I've also been in the middle of a full-scale EWRA, that is, an Evening Wear Red Alert. Spartacus is taking me to a fancy dress affair tonight. Our mission is to find a rich husband for him, and get ourselves photographed for the society pages of some glossy periodical. And we plan to accomplish this simply by dressing outlandishly and having sharp, pert, sparkling things to say. Our audacity won't save the world. No, indeed. It ain't gonna change the price of corn. But Spartacus could get a date or two out of this. And as my mother always said: it's just as easy to love a rich man as it is to love a poor man. Me, I'm a lost cause. I find penniless persons with visa problems the most alluring. But Spartacus is young, handsome and more open-minded.

Dear Spartacus has said taking me as his date to a party is like wearing a glorious headdress. Now some men have beards, but others have headdresses. But alas, these days I'm feeling more like a threadbare old house dress that should be cut up and used for cleaning rags. Plus we're in the middle of a serious heatwave on an evening that might include thunder showers and hail. Even Spartacus, ever-ready with a crisp mod suit, is perplexed on how to proceed. We are thinking festive, rather than formal. Of course, this is a very fun problem to have.

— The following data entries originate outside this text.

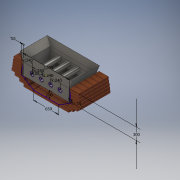
# Autodesk Inventor part: geo_pl
Saved by Autodesk Inventor 2019.1 (Build 231200000, 200)
## iProperties
Created: 2019-11-25
Part Number: geo_pl
Material: Concrete
Document SubType Name: Modeling
Designer: jjespitia
Density: 2.40731 g/cm^3
Appearance: Framing Steel
Sheet Metal Rule: Default
Author: jjespitia
Autodesk Inventor part; units mm, degrees
ref_plane "YZ Plane" through (0, 0, 0) normal (1, 0, 0) x (0, 1, 0)
ref_plane "XZ Plane" through (0, 0, 0) normal (0, 1, 0) x (-1, 0, 0)
ref_plane "XY Plane" through (0, 0, 0) normal (0, 0, 1) x (1, 0, 0)
sketch "Sketch1" plane through (0, 0, 0) normal (0, 0, 1) x (1, 0, 0)
  line L0 (-600, 0) -> (-650, -300)
  line L1 (-650, -300) -> (-325, -500)
  line L2 (-325, -500) -> (325, -500)
  line L3 (325, -500) -> (650, -300)
  line L4 (650, -300) -> (600, 0)
  line L5 (-600, 0) -> (-600, -300)
  line L6 (-600, -300) -> (600, -300)
  line L7 (600, -300) -> (600, 0)
  circle A0 centre (-360, -150) radius 54.1
  circle A1 centre (-120, -150) radius 54.1
  circle A2 centre (360, -150) radius 54.1
  circle A3 centre (120, -150) radius 54.1
  point P0 (0, 0)
  point P1 (0, -300)
  point P2 (0, -500)
  point P3 (-600, -150)
  dimension "d0" = 650
  dimension "d1" = 200
  dimension "d2" = 1200
  dimension "d3" = 50
  dimension "d4" = 50
  dimension "d5" = 300
  dimension "d75" = 108.2
  dimension "d76" = 240
  dimension "d77" = 240
  dimension "d78" = 240
  dimension "d79" = 240
  constraints: 16 end point, 7 horizontal alignment, 4 centre point, 3 equal radius, 3 midpoint, 2 perpendicular, 2 vertical alignment, 1 horizontal, 1 parallel, 1 vertical
  measures "d0" distance of L1.end L2.end
  measures "d1" distance between parallel lines of L2 L6
  measures "d2" distance of L5.end L6.end
  measures "d3" distance from line of L0.end L5
  measures "d4" distance from line of L7 L3.end
  measures "d5" distance of L6.end L4.end
  measures "d75" diameter of A0
  measures "d76" distance from line of L5 A0.centre
  measures "d77" distance of A1.centre A0.centre
  measures "d78" distance of A1.centre A3.centre
  measures "d79" distance of A2.centre A3.centre
sketch "Sketch2" plane through (0, 0, 0) normal (0, 0, 1) x (1, 0, 0)
  line L0 (-600, 0) -> (-650, -300) construction
  line L1 (-600, 0) -> (-600, -300) construction
  line L2 (-650, -300) -> (-325, -500) construction
  line L3 (-325, -500) -> (325, -500) construction
  line L4 (325, -500) -> (650, -300) construction
  line L5 (600, -300) -> (600, 0) construction
  line L6 (650, -300) -> (600, 0) construction
  line L7 (-600, -300) -> (600, -300) construction
  line L8 (2756.009, 105.6783) -> (3138.5717, 105.6783)
  line L9 (3138.5717, 105.6783) -> (3138.5717, -54.5407)
  line L10 (3138.5717, -54.5407) -> (2756.009, -54.5407)
  line L11 (2756.009, -54.5407) -> (2756.009, 105.6783)
  line L12 (-840, 0) -> (-600, 0)
  line L13 (-600, 0) -> (-600, -60)
  line L14 (-600, -60) -> (-840, -60)
  line L15 (-840, -60) -> (-840, 0)
  line L16 (600, 0) -> (600, -300) construction
  line L17 (-611.6667, -70) -> (-611.6667, -130)
  line L18 (-611.6667, -130) -> (-851.6667, -130)
  line L19 (-851.6667, -70) -> (-611.6667, -70)
  line L20 (-851.6667, -130) -> (-851.6667, -70)
  line L21 (-623.3333, -140) -> (-623.3333, -200)
  line L22 (-623.3333, -200) -> (-863.3333, -200)
  line L23 (-863.3333, -140) -> (-623.3333, -140)
  line L24 (-863.3333, -200) -> (-863.3333, -140)
  line L25 (-635, -210) -> (-635, -270)
  line L26 (-635, -270) -> (-875, -270)
  line L27 (-875, -210) -> (-635, -210)
  line L28 (-875, -270) -> (-875, -210)
  line L29 (-646.6667, -280) -> (-646.6667, -340)
  line L30 (-646.6667, -340) -> (-886.6667, -340)
  line L31 (-886.6667, -280) -> (-646.6667, -280)
  line L32 (-886.6667, -340) -> (-886.6667, -280)
  line L33 (-568.75, -350) -> (-568.75, -410)
  line L34 (-568.75, -410) -> (-808.75, -410)
  line L35 (-808.75, -350) -> (-568.75, -350)
  line L36 (-808.75, -410) -> (-808.75, -350)
  line L37 (-455, -420) -> (-455, -480)
  line L38 (-455, -480) -> (-695, -480)
  line L39 (-695, -420) -> (-455, -420)
  line L40 (-695, -480) -> (-695, -420)
  line L41 (-341.25, -490) -> (-341.25, -550)
  line L42 (-341.25, -550) -> (-581.25, -550)
  line L43 (-581.25, -490) -> (-341.25, -490)
  line L44 (-581.25, -550) -> (-581.25, -490)
  line L45 (0, -300) -> (0, -100)
  line L46 (600, 0) -> (600, -60)
  line L47 (600, -60) -> (840, -60)
  line L48 (840, 0) -> (600, 0)
  line L49 (840, -60) -> (840, 0)
  line L50 (611.6667, -70) -> (611.6667, -130)
  line L51 (611.6667, -130) -> (851.6667, -130)
  line L52 (851.6667, -70) -> (611.6667, -70)
  line L53 (851.6667, -130) -> (851.6667, -70)
  line L54 (623.3333, -140) -> (623.3333, -200)
  line L55 (623.3333, -200) -> (863.3333, -200)
  line L56 (863.3333, -140) -> (623.3333, -140)
  line L57 (863.3333, -200) -> (863.3333, -140)
  line L58 (635, -210) -> (635, -270)
  line L59 (635, -270) -> (875, -270)
  line L60 (875, -210) -> (635, -210)
  line L61 (875, -270) -> (875, -210)
  line L62 (646.6667, -280) -> (646.6667, -340)
  line L63 (646.6667, -340) -> (886.6667, -340)
  line L64 (886.6667, -280) -> (646.6667, -280)
  line L65 (568.75, -410) -> (808.75, -410)
  line L66 (808.75, -410) -> (808.75, -350)
  line L67 (808.75, -350) -> (568.75, -350)
  line L68 (568.75, -350) -> (568.75, -410)
  line L69 (886.6667, -340) -> (886.6667, -280)
  line L70 (695, -420) -> (455, -420)
  line L71 (455, -420) -> (455, -480)
  line L72 (455, -480) -> (695, -480)
  line L73 (695, -480) -> (695, -420)
  line L74 (581.25, -490) -> (341.25, -490)
  line L75 (341.25, -490) -> (341.25, -550)
  line L76 (341.25, -550) -> (581.25, -550)
  line L77 (581.25, -550) -> (581.25, -490)
  line L78 (-331.25, -500) -> (331.25, -500)
  line L79 (331.25, -500) -> (331.25, -560)
  line L80 (331.25, -560) -> (-331.25, -560)
  line L81 (-331.25, -560) -> (-331.25, -500)
  point P0 (0, 0)
  dimension "d9" = 240
  dimension "d46" = 60
  dimension "d47" = 240
  dimension "d48" = 60
  dimension "d49" = 240
  dimension "d50" = 60
  dimension "d53" = 240
  dimension "d54" = 60
  dimension "d55" = 10
  dimension "d56" = 10
  dimension "d57" = 10
  dimension "d58" = 240
  dimension "d59" = 60
  dimension "d60" = 240
  dimension "d61" = 60
  dimension "d62" = 240
  dimension "d63" = 60
  dimension "d64" = 240
  dimension "d65" = 60
  dimension "d66" = 10
  dimension "d67" = 10
  dimension "d68" = 10
  dimension "d69" = 10
  dimension "d70" = 10
  dimension "d71" = 10
  constraints: 164 end point, 31 symmetric about line, 21 parallel, 10 horizontal, 10 perpendicular, 7 point on line, 1 collinear, 1 midpoint, 1 vertical
  measures "d9" distance of L0.start L12.start
  measures "d46" distance between parallel lines of L12 L14
  measures "d47" distance of L17.start L19.start
  measures "d48" distance between parallel lines of L19 L18
  measures "d49" distance of L21.start L23.start
  measures "d50" distance between parallel lines of L23 L22
  measures "d53" distance of L25.start L27.start
  measures "d54" distance between parallel lines of L27 L26
  measures "d55" distance between parallel lines of L19 L14
  measures "d56" distance between parallel lines of L18 L23
  measures "d57" distance between parallel lines of L22 L27
  measures "d58" distance of L29.start L31.start
  measures "d59" distance between parallel lines of L31 L30
  measures "d60" distance of L35.end L36.end
  measures "d61" distance between parallel lines of L35 L34
  measures "d62" distance of L39.end L39.start
  measures "d63" distance between parallel lines of L39 L38
  measures "d64" distance of L43.end L43.start
  measures "d65" distance between parallel lines of L43 L42
  measures "d66" distance between parallel lines of L35 L30
  measures "d67" distance between parallel lines of L34 L39
  measures "d68" distance between parallel lines of L38 L43
  measures "d69" distance between parallel lines of L26 L31
  measures "d70" distance between parallel lines of L41 L81
  measures "d71" distance between parallel lines of L75 L79
extrude "Extrusion1" add sketch "Sketch2" against normal blind 120 contours L12 L13 L14 L15 | L17 L18 L20 L19 | L21 L22 L24 L23 | L25 L26 L28 L27 | L29 L30 L32 L31 | L33 L34 L36 L35 | L37 L38 L40 L39 | L41 L42 L44 L43 | L48 L49 L47 L46 | L52 L53 L51 L50 | L56 L57 L55 L54 | L60 L61 L59 L58 | L64 L69 L63 L62 | L68 L67 L66 L65 | L73 L72 L71 L70 | L77 L76 L75 L74 | L78 L79 L80 L81
pattern_linear "Rectangular Pattern1" count 6 spacing 130 along (0, 0, -1) of "Extrusion1"
sketch "Sketch3" plane through (0, 0, 0) normal (0, 0, 1) x (1, 0, 0)
  line L0 (-600, 0) -> (-600, -300) projected
  line L1 (-600, -300) -> (600, -300) projected
  line L2 (600, -300) -> (600, 0) projected
  line L3 (593.65, 0) -> (593.65, -293.65)
  line L4 (-593.65, -293.65) -> (-593.65, 0)
  line L5 (-593.65, 0) -> (-674.4552, 200)
  line L6 (-595.4835, 0) -> (-676.2888, 200)
  line L7 (-595.4835, 0) -> (-600, 0)
  line L8 (600, 0) -> (595.4835, 0)
  line L9 (595.4835, 0) -> (676.2888, 200)
  line L10 (593.65, 0) -> (674.4552, 200)
  line L11 (-674.4552, 200) -> (-676.2888, 200)
  line L12 (676.2888, 200) -> (674.4552, 200)
  line L13 (-674.4552, 200) -> (674.4552, 200) construction
  line L14 (-593.65, -293.65) -> (593.65, -293.65)
  point P0 (0, 200)
  point P1 (0, -300)
  dimension "d28" = 1.7
  dimension "d29" = 1.7
  dimension "d30" = 68
  dimension "d31" = 200
  dimension "d72" = 6.35
  dimension "d73" = 6.35
  dimension "d74" = 6.35
  constraints: 24 end point, 6 horizontal, 2 midpoint, 2 parallel, 2 vertical, 1 horizontal alignment, 1 point on line, 1 vertical alignment
  measures "d28" distance between parallel lines of L5 L6
  measures "d29" distance between parallel lines of L10 L9
  measures "d30" angle of L6 L7
  measures "d31" distance between parallel lines of L7 L11
  measures "d72" distance between parallel lines of L0 L4
  measures "d73" distance between parallel lines of L2 L3
  measures "d74" distance between parallel lines of L1 L14
extrude "Extrusion2" add sketch "Sketch3" against normal blind 700 and the other way blind 100 separate body
sketch "Sketch4" plane through (0, 0, 0) normal (0, 0, 1) x (1, 0, 0)
  line L0 (-600, 0) -> (-600, -300) projected
  line L1 (-600, -300) -> (600, -300) projected
  line L2 (600, -300) -> (600, 0) projected
  line L3 (600, 0) -> (595.4835, 0) projected
  line L4 (595.4835, 0) -> (676.2888, 200) projected
  line L5 (676.2888, 200) -> (674.4552, 200) construction
  line L6 (674.4552, 200) -> (593.65, 0) construction
  line L7 (593.65, 0) -> (593.65, -293.65) construction
  line L8 (-593.65, -293.65) -> (-593.65, 0) construction
  line L9 (-593.65, 0) -> (-674.4552, 200) construction
  line L10 (-674.4552, 200) -> (-676.2888, 200) construction
  line L11 (-676.2888, 200) -> (-595.4835, 0) projected
  line L12 (-595.4835, 0) -> (-600, 0) projected
  line L13 (-676.2888, 200) -> (676.2888, 200)
  line L14 (593.65, -293.65) -> (-593.65, -293.65) projected
  constraints: 2 end point, 2 point on line, 1 horizontal
extrude "Extrusion3" add sketch "Sketch4" along normal blind 1.7 bodies 2
sketch "Sketch5" plane through (0, 0, -700) normal (0, 0, -1) x (-1, 0, 0)
  line L0 (711.25, -210) -> (471.25, -210) projected
  line L1 (600, 0) -> (600, -100) projected
  line L2 (600, -100) -> (-600, -100) projected
  line L3 (-600, -100) -> (-600, 0) projected
  line L4 (-600, 0) -> (-595.4835, 0) projected
  line L5 (-595.4835, 0) -> (-676.2888, 200) projected
  line L6 (-676.2888, 200) -> (676.2888, 200) projected
  line L7 (676.2888, 200) -> (595.4835, 0) projected
  line L8 (595.4835, 0) -> (600, 0) projected
  point P0 (0, 0)
extrude "Extrusion4" add sketch "Sketch5" along normal blind 1.7 bodies 2
sketch "Sketch6" plane through (0, 0, 1.7) normal (0, 0, 1) x (1, 0, 0)
  line L0 (-600, 0) -> (600, 0)
  line L1 (600, 0) -> (600, -300)
  line L2 (600, -300) -> (-600, -300)
  line L3 (-600, -300) -> (-600, 0)
  point P0 (0, 0)
  constraints: 8 end point, 2 coincident, 2 parallel, 1 horizontal, 1 perpendicular
extrude "Extrusion5" add sketch "Sketch6" along normal blind 4.65 bodies 2
sketch "Sketch7" plane through (0, 0, -701.7) normal (0, 0, -1) x (-1, 0, 0)
  line L0 (-600, 0) -> (600, 0) projected
  line L1 (600, 0) -> (600, -300) projected
  line L2 (600, -300) -> (-600, -300) projected
  line L3 (-600, -300) -> (-600, 0) projected
  point P0 (0, 0)
extrude "Extrusion6" add sketch "Sketch7" along normal blind 4.65 bodies 2
extrude "Extrusion7" add sketch "Sketch1" along normal mid plane 1 separate body
sketch "Sketch8" plane through (0, 0, 6.35) normal (0, 0, 1) x (1, 0, 0)
  circle A0 centre (-360, -150) radius 54.1 projected
  circle A1 centre (-120, -150) radius 54.1 projected
  circle A2 centre (120, -150) radius 54.1 projected
  circle A3 centre (360, -150) radius 54.1 projected
  circle A4 centre (-360, -150) radius 57.15
  circle A5 centre (-120, -150) radius 57.15
  circle A6 centre (120, -150) radius 57.15
  circle A7 centre (360, -150) radius 57.15
  point P0 (0, 0)
  dimension "d80" = 3.05
  dimension "d81" = 3.05
  dimension "d82" = 3.05
  dimension "d83" = 3.05
  constraints: 4 centre point
  measures "d80" radial gap between concentric circles of A0 A4
  measures "d81" radial gap between concentric circles of A1 A5
  measures "d82" radial gap between concentric circles of A2 A6
  measures "d83" radial gap between concentric circles of A3 A7
extrude "Extrusion8" add sketch "Sketch8" against normal up to surface (712.7 mm away) bodies 2
sketch "Sketch9" plane through (0, 0, 6.35) normal (0, 0, 1) x (1, 0, 0)
  circle A0 centre (-360, -150) radius 54.1 projected
  circle A1 centre (-120, -150) radius 54.1 projected
  circle A2 centre (120, -150) radius 54.1 projected
  circle A3 centre (360, -150) radius 54.1 projected
  point P0 (0, 0)
extrude "Extrusion9" cut sketch "Sketch9" along normal through all both and the other way through all bodies 2
equation "\"d4\" = d3"
equation "\"d76\" = 0.2 * d2"
equation "\"d77\" = d76"
equation "\"d78\" = d77"
equation "\"d79\" = d77"
equation "\"BendRadius\" = Thickness"
equation "\"BendReliefWidth\" = Thickness"
equation "\"BendReliefDepth\" = 0.5 * Thickness"
equation "\"CornerReliefSize\" = 4 * Thickness"
equation "\"MinimumRemnant\" = 2 * Thickness"
equation "\"TransitionRadius\" = BendRadius"
equation "\"JacobiRadiusSize\" = Thickness"
equation "\"GapSize\" = Thickness"
equation "\"Thickness\" = 0.5"

I recently stumbled upon a cornucopia of marvelously turned-out lads at Dandyism. Lively discussions of pocket squares and spectators are taking place over there. Some are even sporting ascots, and waxed handlebar moustaches. Hooray and huzzah.

Though I have long felt a kinship with dandies, in the end my commie politics intrude. Dandyism grew out of nostalgia for the deposed aristocracies of Europe. But ironically, it's greatest adherents were not the deposed aristocrats themselves, but the nouveau riches. Oscar Wilde was not a member of the class he satirized. Nor satyrized for that matter. (Sorry couldn't resist.) A certain amount of dandyism is tainted with nostalgia for a past that was frankly no good for most of the folks on the planet. But I think our comrades in French cuffs writing for Dandyism's Junta are exploring these issues in a nuanced way.

I enjoyed the recent 3 part profile of Lucius Beebe, writer, wit and peacock.

The date on this post is deceptive. It's actually June 10th.


Blogger tea said...

Thank you for linking to the Dandyism site! This looks like one for me to delve further into. My fella is going to wear a white-and-beige pin-striped outfit for our wedding and, hopefully, a red ascot. The queen in the men's wear department covered his giggle with his hand and said, "Pardon me, but you look like that writer Tom Wolfe." We were astonished and burst out laughing because that's exactly the aesthetic his mom and I were pushing on him to go for.

Also: fabulous dress! And fabulous basketweave silk!

10:32 AM  
Blogger samsara said...

Ms. Tea,
Glad you enjoyed the Dandies. I hope to spend more time on the site as well.
Tom Wolfe's look is very dapper indeed, and certainly something to aspire to. I'm sure your fella will look quite dashing. I do hope he dons the red ascot. I mean, how many fancy dress oppotunities does one get?